** What is being asked **
Print the entries exactly; no image belongs in the copy.

** Records provided **
++++++++
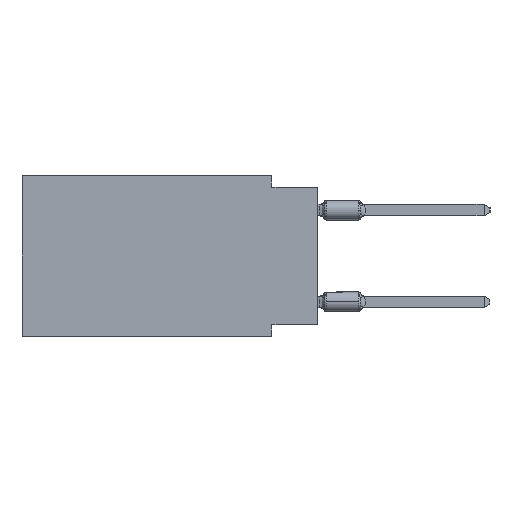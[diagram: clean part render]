
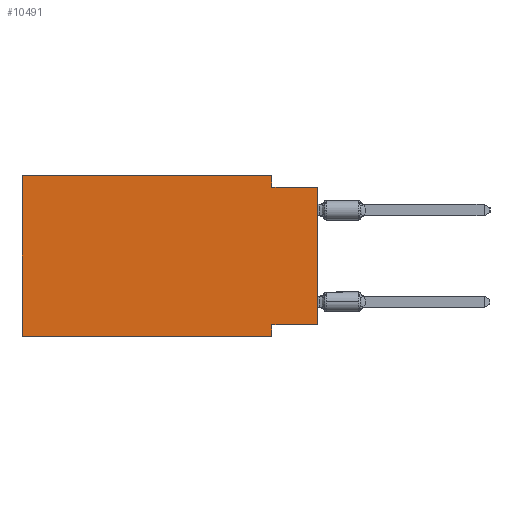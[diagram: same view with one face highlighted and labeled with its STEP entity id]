
A CAD part, left-side view. The second image highlights one B-rep face of the part: STEP entity #10491.
In plain terms, the highlighted planar face has unit normal (-1, 0, 0).
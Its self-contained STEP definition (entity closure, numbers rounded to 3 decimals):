
#1239 = CARTESIAN_POINT ( 'NONE',  ( 0., 16.383, 0. ) ) ;
#2220 = DIRECTION ( 'NONE',  ( 0., 0., 1. ) ) ;
#2269 = CARTESIAN_POINT ( 'NONE',  ( 0., 2.54, -0.635 ) ) ;
#2638 = ORIENTED_EDGE ( 'NONE', *, *, #15084, .T. ) ;
#2737 = LINE ( 'NONE', #10345, #23848 ) ;
#2896 = EDGE_CURVE ( 'NONE', #24381, #5201, #14568, .T. ) ;
#3232 = LINE ( 'NONE', #1239, #19793 ) ;
#3311 = CARTESIAN_POINT ( 'NONE',  ( 0., 0., -0.635 ) ) ;
#3857 = CARTESIAN_POINT ( 'NONE',  ( 0., 16.383, 0. ) ) ;
#4257 = EDGE_CURVE ( 'NONE', #8204, #5927, #3232, .T. ) ;
#4391 = EDGE_CURVE ( 'NONE', #21797, #8204, #22811, .T. ) ;
#4645 = VECTOR ( 'NONE', #2220, 1000. ) ;
#5201 = VERTEX_POINT ( 'NONE', #11739 ) ;
#5256 = PLANE ( 'NONE',  #18467 ) ;
#5927 = VERTEX_POINT ( 'NONE', #16566 ) ;
#5961 = CARTESIAN_POINT ( 'NONE',  ( 0., 0., 0. ) ) ;
#6499 = EDGE_CURVE ( 'NONE', #5201, #7645, #16034, .T. ) ;
#6882 = CARTESIAN_POINT ( 'NONE',  ( 0., 0., -0.635 ) ) ;
#7252 = CARTESIAN_POINT ( 'NONE',  ( 0., 16.383, 0. ) ) ;
#7645 = VERTEX_POINT ( 'NONE', #9715 ) ;
#7863 = ORIENTED_EDGE ( 'NONE', *, *, #6499, .F. ) ;
#7906 = EDGE_LOOP ( 'NONE', ( #2638, #11897, #16491, #15100, #22252, #21277, #7863, #11679 ) ) ;
#8204 = VERTEX_POINT ( 'NONE', #21805 ) ;
#8437 = VERTEX_POINT ( 'NONE', #2269 ) ;
#8915 = DIRECTION ( 'NONE',  ( 0., 0., -1. ) ) ;
#9715 = CARTESIAN_POINT ( 'NONE',  ( 0., 2.54, -8.89 ) ) ;
#10127 = DIRECTION ( 'NONE',  ( 0., 0., -1. ) ) ;
#10345 = CARTESIAN_POINT ( 'NONE',  ( 0., 16.383, -8.89 ) ) ;
#10491 = ADVANCED_FACE ( 'NONE', ( #11125 ), #5256, .F. ) ;
#10606 = DIRECTION ( 'NONE',  ( 0., -1., 0. ) ) ;
#10751 = DIRECTION ( 'NONE',  ( 1., 0., 0. ) ) ;
#11125 = FACE_OUTER_BOUND ( 'NONE', #7906, .T. ) ;
#11294 = CARTESIAN_POINT ( 'NONE',  ( 0., 0., -8.255 ) ) ;
#11679 = ORIENTED_EDGE ( 'NONE', *, *, #2896, .F. ) ;
#11739 = CARTESIAN_POINT ( 'NONE',  ( 0., 2.54, -8.255 ) ) ;
#11897 = ORIENTED_EDGE ( 'NONE', *, *, #16237, .F. ) ;
#13473 = VECTOR ( 'NONE', #8915, 1000. ) ;
#14568 = LINE ( 'NONE', #22060, #17123 ) ;
#15084 = EDGE_CURVE ( 'NONE', #24381, #21412, #15801, .T. ) ;
#15100 = ORIENTED_EDGE ( 'NONE', *, *, #4257, .F. ) ;
#15801 = LINE ( 'NONE', #5961, #16964 ) ;
#16034 = LINE ( 'NONE', #17924, #13473 ) ;
#16237 = EDGE_CURVE ( 'NONE', #8437, #21412, #20480, .T. ) ;
#16251 = CARTESIAN_POINT ( 'NONE',  ( 0., 2.54, 0. ) ) ;
#16491 = ORIENTED_EDGE ( 'NONE', *, *, #17323, .F. ) ;
#16566 = CARTESIAN_POINT ( 'NONE',  ( 0., 2.54, 0. ) ) ;
#16964 = VECTOR ( 'NONE', #23417, 1000. ) ;
#17123 = VECTOR ( 'NONE', #18191, 1000. ) ;
#17323 = EDGE_CURVE ( 'NONE', #5927, #8437, #23727, .T. ) ;
#17924 = CARTESIAN_POINT ( 'NONE',  ( 0., 2.54, -8.89 ) ) ;
#18191 = DIRECTION ( 'NONE',  ( 0., 1., 0. ) ) ;
#18467 = AXIS2_PLACEMENT_3D ( 'NONE', #7252, #10751, #22364 ) ;
#18587 = EDGE_CURVE ( 'NONE', #21797, #7645, #2737, .T. ) ;
#19377 = VECTOR ( 'NONE', #24342, 1000. ) ;
#19414 = VECTOR ( 'NONE', #10127, 1000. ) ;
#19793 = VECTOR ( 'NONE', #10606, 1000. ) ;
#20480 = LINE ( 'NONE', #6882, #19377 ) ;
#21277 = ORIENTED_EDGE ( 'NONE', *, *, #18587, .T. ) ;
#21412 = VERTEX_POINT ( 'NONE', #3311 ) ;
#21797 = VERTEX_POINT ( 'NONE', #24479 ) ;
#21805 = CARTESIAN_POINT ( 'NONE',  ( 0., 16.383, 0. ) ) ;
#21842 = DIRECTION ( 'NONE',  ( 0., -1., 0. ) ) ;
#22060 = CARTESIAN_POINT ( 'NONE',  ( 0., 0., -8.255 ) ) ;
#22252 = ORIENTED_EDGE ( 'NONE', *, *, #4391, .F. ) ;
#22364 = DIRECTION ( 'NONE',  ( 0., 0., -1. ) ) ;
#22811 = LINE ( 'NONE', #3857, #4645 ) ;
#23417 = DIRECTION ( 'NONE',  ( 0., 0., 1. ) ) ;
#23727 = LINE ( 'NONE', #16251, #19414 ) ;
#23848 = VECTOR ( 'NONE', #21842, 1000. ) ;
#24342 = DIRECTION ( 'NONE',  ( 0., -1., 0. ) ) ;
#24381 = VERTEX_POINT ( 'NONE', #11294 ) ;
#24479 = CARTESIAN_POINT ( 'NONE',  ( 0., 16.383, -8.89 ) ) ;
++++++++
** Answer space **
[diagram: clean part render]
[diagram: same view with one face highlighted and labeled with its STEP entity id]
A CAD part, left-side view. The second image highlights one B-rep face of the part: STEP entity #10491.
In plain terms, the highlighted planar face has unit normal (-1, 0, 0).
Its self-contained STEP definition (entity closure, numbers rounded to 3 decimals):
#1239 = CARTESIAN_POINT ( 'NONE',  ( 0., 16.383, 0. ) ) ;
#2220 = DIRECTION ( 'NONE',  ( 0., 0., 1. ) ) ;
#2269 = CARTESIAN_POINT ( 'NONE',  ( 0., 2.54, -0.635 ) ) ;
#2638 = ORIENTED_EDGE ( 'NONE', *, *, #15084, .T. ) ;
#2737 = LINE ( 'NONE', #10345, #23848 ) ;
#2896 = EDGE_CURVE ( 'NONE', #24381, #5201, #14568, .T. ) ;
#3232 = LINE ( 'NONE', #1239, #19793 ) ;
#3311 = CARTESIAN_POINT ( 'NONE',  ( 0., 0., -0.635 ) ) ;
#3857 = CARTESIAN_POINT ( 'NONE',  ( 0., 16.383, 0. ) ) ;
#4257 = EDGE_CURVE ( 'NONE', #8204, #5927, #3232, .T. ) ;
#4391 = EDGE_CURVE ( 'NONE', #21797, #8204, #22811, .T. ) ;
#4645 = VECTOR ( 'NONE', #2220, 1000. ) ;
#5201 = VERTEX_POINT ( 'NONE', #11739 ) ;
#5256 = PLANE ( 'NONE',  #18467 ) ;
#5927 = VERTEX_POINT ( 'NONE', #16566 ) ;
#5961 = CARTESIAN_POINT ( 'NONE',  ( 0., 0., 0. ) ) ;
#6499 = EDGE_CURVE ( 'NONE', #5201, #7645, #16034, .T. ) ;
#6882 = CARTESIAN_POINT ( 'NONE',  ( 0., 0., -0.635 ) ) ;
#7252 = CARTESIAN_POINT ( 'NONE',  ( 0., 16.383, 0. ) ) ;
#7645 = VERTEX_POINT ( 'NONE', #9715 ) ;
#7863 = ORIENTED_EDGE ( 'NONE', *, *, #6499, .F. ) ;
#7906 = EDGE_LOOP ( 'NONE', ( #2638, #11897, #16491, #15100, #22252, #21277, #7863, #11679 ) ) ;
#8204 = VERTEX_POINT ( 'NONE', #21805 ) ;
#8437 = VERTEX_POINT ( 'NONE', #2269 ) ;
#8915 = DIRECTION ( 'NONE',  ( 0., 0., -1. ) ) ;
#9715 = CARTESIAN_POINT ( 'NONE',  ( 0., 2.54, -8.89 ) ) ;
#10127 = DIRECTION ( 'NONE',  ( 0., 0., -1. ) ) ;
#10345 = CARTESIAN_POINT ( 'NONE',  ( 0., 16.383, -8.89 ) ) ;
#10491 = ADVANCED_FACE ( 'NONE', ( #11125 ), #5256, .F. ) ;
#10606 = DIRECTION ( 'NONE',  ( 0., -1., 0. ) ) ;
#10751 = DIRECTION ( 'NONE',  ( 1., 0., 0. ) ) ;
#11125 = FACE_OUTER_BOUND ( 'NONE', #7906, .T. ) ;
#11294 = CARTESIAN_POINT ( 'NONE',  ( 0., 0., -8.255 ) ) ;
#11679 = ORIENTED_EDGE ( 'NONE', *, *, #2896, .F. ) ;
#11739 = CARTESIAN_POINT ( 'NONE',  ( 0., 2.54, -8.255 ) ) ;
#11897 = ORIENTED_EDGE ( 'NONE', *, *, #16237, .F. ) ;
#13473 = VECTOR ( 'NONE', #8915, 1000. ) ;
#14568 = LINE ( 'NONE', #22060, #17123 ) ;
#15084 = EDGE_CURVE ( 'NONE', #24381, #21412, #15801, .T. ) ;
#15100 = ORIENTED_EDGE ( 'NONE', *, *, #4257, .F. ) ;
#15801 = LINE ( 'NONE', #5961, #16964 ) ;
#16034 = LINE ( 'NONE', #17924, #13473 ) ;
#16237 = EDGE_CURVE ( 'NONE', #8437, #21412, #20480, .T. ) ;
#16251 = CARTESIAN_POINT ( 'NONE',  ( 0., 2.54, 0. ) ) ;
#16491 = ORIENTED_EDGE ( 'NONE', *, *, #17323, .F. ) ;
#16566 = CARTESIAN_POINT ( 'NONE',  ( 0., 2.54, 0. ) ) ;
#16964 = VECTOR ( 'NONE', #23417, 1000. ) ;
#17123 = VECTOR ( 'NONE', #18191, 1000. ) ;
#17323 = EDGE_CURVE ( 'NONE', #5927, #8437, #23727, .T. ) ;
#17924 = CARTESIAN_POINT ( 'NONE',  ( 0., 2.54, -8.89 ) ) ;
#18191 = DIRECTION ( 'NONE',  ( 0., 1., 0. ) ) ;
#18467 = AXIS2_PLACEMENT_3D ( 'NONE', #7252, #10751, #22364 ) ;
#18587 = EDGE_CURVE ( 'NONE', #21797, #7645, #2737, .T. ) ;
#19377 = VECTOR ( 'NONE', #24342, 1000. ) ;
#19414 = VECTOR ( 'NONE', #10127, 1000. ) ;
#19793 = VECTOR ( 'NONE', #10606, 1000. ) ;
#20480 = LINE ( 'NONE', #6882, #19377 ) ;
#21277 = ORIENTED_EDGE ( 'NONE', *, *, #18587, .T. ) ;
#21412 = VERTEX_POINT ( 'NONE', #3311 ) ;
#21797 = VERTEX_POINT ( 'NONE', #24479 ) ;
#21805 = CARTESIAN_POINT ( 'NONE',  ( 0., 16.383, 0. ) ) ;
#21842 = DIRECTION ( 'NONE',  ( 0., -1., 0. ) ) ;
#22060 = CARTESIAN_POINT ( 'NONE',  ( 0., 0., -8.255 ) ) ;
#22252 = ORIENTED_EDGE ( 'NONE', *, *, #4391, .F. ) ;
#22364 = DIRECTION ( 'NONE',  ( 0., 0., -1. ) ) ;
#22811 = LINE ( 'NONE', #3857, #4645 ) ;
#23417 = DIRECTION ( 'NONE',  ( 0., 0., 1. ) ) ;
#23727 = LINE ( 'NONE', #16251, #19414 ) ;
#23848 = VECTOR ( 'NONE', #21842, 1000. ) ;
#24342 = DIRECTION ( 'NONE',  ( 0., -1., 0. ) ) ;
#24381 = VERTEX_POINT ( 'NONE', #11294 ) ;
#24479 = CARTESIAN_POINT ( 'NONE',  ( 0., 16.383, -8.89 ) ) ;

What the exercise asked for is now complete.